Activity:
Exactly as written, output the lines below starting from the first and ending with the line that contains "line L1 (21, -18) -> (21, 18)"; omit pictures.
─── Excerpted records ───
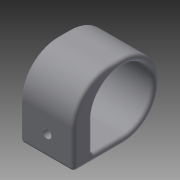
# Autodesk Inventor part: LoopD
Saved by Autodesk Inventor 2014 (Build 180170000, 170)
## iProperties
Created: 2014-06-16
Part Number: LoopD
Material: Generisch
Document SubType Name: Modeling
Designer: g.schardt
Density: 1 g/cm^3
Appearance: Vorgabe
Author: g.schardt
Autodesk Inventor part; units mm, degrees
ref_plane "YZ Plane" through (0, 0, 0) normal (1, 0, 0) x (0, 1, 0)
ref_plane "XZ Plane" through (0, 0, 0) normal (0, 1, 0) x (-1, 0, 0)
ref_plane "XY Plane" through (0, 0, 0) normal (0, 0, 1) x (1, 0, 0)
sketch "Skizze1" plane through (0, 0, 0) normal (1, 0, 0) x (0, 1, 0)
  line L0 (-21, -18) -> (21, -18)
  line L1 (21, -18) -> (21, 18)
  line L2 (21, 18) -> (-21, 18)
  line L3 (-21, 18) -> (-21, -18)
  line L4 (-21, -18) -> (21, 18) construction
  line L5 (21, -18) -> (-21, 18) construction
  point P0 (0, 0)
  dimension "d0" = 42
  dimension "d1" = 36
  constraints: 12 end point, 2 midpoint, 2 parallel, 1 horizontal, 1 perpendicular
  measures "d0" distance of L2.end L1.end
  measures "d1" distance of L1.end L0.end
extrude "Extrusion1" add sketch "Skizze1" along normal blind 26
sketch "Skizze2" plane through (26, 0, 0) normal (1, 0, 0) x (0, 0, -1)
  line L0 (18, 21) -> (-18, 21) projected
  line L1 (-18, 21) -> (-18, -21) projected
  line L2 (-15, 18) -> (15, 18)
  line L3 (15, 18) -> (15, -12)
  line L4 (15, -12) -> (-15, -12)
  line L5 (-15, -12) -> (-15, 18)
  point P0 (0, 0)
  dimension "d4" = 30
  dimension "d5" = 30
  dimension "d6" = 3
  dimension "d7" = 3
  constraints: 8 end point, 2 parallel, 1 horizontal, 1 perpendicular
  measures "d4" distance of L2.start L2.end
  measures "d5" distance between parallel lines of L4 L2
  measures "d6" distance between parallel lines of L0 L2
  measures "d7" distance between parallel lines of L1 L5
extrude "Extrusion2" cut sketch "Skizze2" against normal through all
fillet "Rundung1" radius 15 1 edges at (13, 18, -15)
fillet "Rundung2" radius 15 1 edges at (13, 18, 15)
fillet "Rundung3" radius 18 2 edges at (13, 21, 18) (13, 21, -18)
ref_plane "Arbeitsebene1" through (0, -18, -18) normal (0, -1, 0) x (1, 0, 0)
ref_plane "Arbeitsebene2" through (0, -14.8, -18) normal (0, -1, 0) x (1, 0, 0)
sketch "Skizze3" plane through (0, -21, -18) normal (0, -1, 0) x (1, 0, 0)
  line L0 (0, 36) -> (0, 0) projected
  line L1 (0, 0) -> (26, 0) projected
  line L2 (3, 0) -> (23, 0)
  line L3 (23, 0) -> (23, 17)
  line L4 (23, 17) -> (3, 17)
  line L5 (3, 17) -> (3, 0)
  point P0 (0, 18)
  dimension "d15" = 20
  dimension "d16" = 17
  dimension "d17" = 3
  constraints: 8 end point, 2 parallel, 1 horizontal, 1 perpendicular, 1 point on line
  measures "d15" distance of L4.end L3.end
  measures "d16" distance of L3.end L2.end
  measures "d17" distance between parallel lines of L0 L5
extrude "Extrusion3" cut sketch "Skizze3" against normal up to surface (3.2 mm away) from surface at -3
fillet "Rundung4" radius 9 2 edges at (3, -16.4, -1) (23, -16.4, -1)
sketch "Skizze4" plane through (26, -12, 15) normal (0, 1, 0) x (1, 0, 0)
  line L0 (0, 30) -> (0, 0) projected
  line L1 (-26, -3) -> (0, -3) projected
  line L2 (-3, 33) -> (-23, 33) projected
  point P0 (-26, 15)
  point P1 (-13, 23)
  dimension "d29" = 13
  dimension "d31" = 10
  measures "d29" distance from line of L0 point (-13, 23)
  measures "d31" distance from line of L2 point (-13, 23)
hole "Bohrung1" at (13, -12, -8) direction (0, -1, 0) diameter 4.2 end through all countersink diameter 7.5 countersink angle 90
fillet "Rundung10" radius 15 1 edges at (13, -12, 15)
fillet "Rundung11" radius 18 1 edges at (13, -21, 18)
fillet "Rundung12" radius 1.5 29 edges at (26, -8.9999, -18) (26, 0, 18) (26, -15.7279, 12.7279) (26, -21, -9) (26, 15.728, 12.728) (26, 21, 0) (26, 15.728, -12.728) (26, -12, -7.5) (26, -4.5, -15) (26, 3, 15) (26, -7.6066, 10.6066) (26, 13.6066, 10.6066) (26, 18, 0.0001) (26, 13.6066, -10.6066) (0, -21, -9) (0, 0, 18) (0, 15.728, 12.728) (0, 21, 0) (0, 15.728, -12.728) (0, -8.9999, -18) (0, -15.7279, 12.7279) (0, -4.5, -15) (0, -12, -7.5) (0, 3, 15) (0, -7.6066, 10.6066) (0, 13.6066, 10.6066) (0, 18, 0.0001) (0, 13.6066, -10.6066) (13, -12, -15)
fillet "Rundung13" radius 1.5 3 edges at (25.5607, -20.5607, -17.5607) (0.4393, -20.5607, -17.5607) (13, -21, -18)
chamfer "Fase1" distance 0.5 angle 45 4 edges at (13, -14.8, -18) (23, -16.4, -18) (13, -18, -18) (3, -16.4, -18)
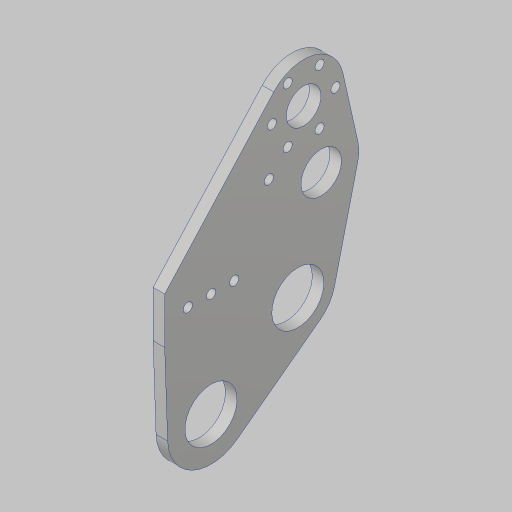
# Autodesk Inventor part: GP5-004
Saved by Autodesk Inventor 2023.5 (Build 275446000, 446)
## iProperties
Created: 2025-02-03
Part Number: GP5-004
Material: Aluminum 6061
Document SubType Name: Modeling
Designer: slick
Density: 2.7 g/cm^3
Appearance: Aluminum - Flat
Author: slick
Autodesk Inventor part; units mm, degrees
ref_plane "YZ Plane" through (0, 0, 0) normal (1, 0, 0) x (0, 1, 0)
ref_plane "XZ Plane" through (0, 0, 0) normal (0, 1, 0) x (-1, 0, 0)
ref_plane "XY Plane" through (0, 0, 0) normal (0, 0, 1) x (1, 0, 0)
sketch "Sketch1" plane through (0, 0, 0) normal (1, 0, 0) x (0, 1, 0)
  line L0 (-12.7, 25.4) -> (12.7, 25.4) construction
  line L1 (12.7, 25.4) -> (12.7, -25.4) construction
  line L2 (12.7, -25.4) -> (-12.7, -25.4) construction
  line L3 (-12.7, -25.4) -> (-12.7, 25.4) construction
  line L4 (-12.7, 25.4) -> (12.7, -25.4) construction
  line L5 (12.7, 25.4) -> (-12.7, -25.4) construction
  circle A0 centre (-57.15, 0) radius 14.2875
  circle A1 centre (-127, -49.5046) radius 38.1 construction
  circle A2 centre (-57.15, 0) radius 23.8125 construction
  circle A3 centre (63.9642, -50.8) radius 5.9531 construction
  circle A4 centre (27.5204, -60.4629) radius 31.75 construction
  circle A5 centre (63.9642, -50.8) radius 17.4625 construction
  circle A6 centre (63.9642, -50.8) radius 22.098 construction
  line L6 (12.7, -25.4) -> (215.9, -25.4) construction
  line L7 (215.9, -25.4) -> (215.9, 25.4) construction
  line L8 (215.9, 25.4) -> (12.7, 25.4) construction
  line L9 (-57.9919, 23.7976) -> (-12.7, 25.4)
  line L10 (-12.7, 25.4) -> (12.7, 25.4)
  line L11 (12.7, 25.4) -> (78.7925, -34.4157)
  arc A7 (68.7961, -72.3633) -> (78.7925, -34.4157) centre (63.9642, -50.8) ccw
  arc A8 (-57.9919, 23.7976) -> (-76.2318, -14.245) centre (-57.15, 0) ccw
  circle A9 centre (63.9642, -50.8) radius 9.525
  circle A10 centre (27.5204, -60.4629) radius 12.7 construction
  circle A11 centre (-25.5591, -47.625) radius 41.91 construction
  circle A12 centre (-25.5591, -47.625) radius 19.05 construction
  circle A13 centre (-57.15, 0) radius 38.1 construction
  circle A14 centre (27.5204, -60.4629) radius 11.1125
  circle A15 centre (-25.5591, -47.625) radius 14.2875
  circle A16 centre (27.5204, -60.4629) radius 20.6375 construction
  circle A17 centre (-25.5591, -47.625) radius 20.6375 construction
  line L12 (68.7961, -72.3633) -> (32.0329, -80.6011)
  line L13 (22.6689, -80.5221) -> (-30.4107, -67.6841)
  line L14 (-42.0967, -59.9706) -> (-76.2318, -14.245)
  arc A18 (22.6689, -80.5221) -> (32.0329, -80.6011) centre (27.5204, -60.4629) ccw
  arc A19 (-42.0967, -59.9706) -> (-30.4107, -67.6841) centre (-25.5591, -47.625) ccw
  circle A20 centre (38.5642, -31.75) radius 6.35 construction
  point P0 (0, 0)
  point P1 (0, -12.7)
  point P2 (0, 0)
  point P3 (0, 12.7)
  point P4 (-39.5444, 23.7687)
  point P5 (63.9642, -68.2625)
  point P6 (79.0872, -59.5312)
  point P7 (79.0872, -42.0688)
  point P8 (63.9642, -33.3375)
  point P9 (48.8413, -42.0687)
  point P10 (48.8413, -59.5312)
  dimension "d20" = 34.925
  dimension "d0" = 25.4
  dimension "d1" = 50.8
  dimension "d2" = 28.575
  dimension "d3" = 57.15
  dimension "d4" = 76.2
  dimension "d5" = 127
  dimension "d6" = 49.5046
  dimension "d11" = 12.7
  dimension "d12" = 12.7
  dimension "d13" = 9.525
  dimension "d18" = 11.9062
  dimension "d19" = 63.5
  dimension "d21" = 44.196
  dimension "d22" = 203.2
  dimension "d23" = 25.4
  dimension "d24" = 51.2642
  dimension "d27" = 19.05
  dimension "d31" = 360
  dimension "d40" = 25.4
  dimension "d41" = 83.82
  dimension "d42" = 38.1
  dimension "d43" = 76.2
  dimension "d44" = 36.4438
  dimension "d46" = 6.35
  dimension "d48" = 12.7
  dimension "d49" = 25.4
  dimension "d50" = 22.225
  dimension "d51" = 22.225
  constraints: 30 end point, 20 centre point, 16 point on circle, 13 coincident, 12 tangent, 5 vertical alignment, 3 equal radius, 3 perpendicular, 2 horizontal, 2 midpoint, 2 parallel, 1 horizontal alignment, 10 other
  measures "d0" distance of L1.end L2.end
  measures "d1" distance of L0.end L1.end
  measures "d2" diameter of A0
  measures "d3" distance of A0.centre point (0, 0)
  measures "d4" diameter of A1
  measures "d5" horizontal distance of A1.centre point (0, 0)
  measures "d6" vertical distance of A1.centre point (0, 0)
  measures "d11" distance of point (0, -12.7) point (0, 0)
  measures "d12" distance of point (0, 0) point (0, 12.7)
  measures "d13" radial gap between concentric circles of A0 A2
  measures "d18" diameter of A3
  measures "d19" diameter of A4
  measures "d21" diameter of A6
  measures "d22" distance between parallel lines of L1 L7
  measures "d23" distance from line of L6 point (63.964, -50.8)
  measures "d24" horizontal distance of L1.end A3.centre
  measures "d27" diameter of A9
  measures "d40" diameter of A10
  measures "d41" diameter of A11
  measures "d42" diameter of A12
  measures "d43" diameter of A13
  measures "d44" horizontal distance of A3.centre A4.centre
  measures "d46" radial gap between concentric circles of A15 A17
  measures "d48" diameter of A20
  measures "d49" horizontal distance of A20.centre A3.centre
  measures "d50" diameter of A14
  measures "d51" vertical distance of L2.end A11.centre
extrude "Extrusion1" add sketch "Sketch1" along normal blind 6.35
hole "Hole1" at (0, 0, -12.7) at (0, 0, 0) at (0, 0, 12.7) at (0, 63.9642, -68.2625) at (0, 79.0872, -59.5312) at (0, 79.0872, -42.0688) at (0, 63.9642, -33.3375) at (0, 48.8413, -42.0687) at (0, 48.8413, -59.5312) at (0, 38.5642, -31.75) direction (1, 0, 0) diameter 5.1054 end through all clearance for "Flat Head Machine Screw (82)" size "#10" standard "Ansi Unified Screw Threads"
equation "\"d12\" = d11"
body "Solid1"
───
Solution below:
# Autodesk Inventor part: LoopD
Saved by Autodesk Inventor 2014 (Build 180170000, 170)
## iProperties
Created: 2014-06-16
Part Number: LoopD
Material: Generisch
Document SubType Name: Modeling
Designer: g.schardt
Density: 1 g/cm^3
Appearance: Vorgabe
Author: g.schardt
Autodesk Inventor part; units mm, degrees
ref_plane "YZ Plane" through (0, 0, 0) normal (1, 0, 0) x (0, 1, 0)
ref_plane "XZ Plane" through (0, 0, 0) normal (0, 1, 0) x (-1, 0, 0)
ref_plane "XY Plane" through (0, 0, 0) normal (0, 0, 1) x (1, 0, 0)
sketch "Skizze1" plane through (0, 0, 0) normal (1, 0, 0) x (0, 1, 0)
  line L0 (-21, -18) -> (21, -18)
  line L1 (21, -18) -> (21, 18)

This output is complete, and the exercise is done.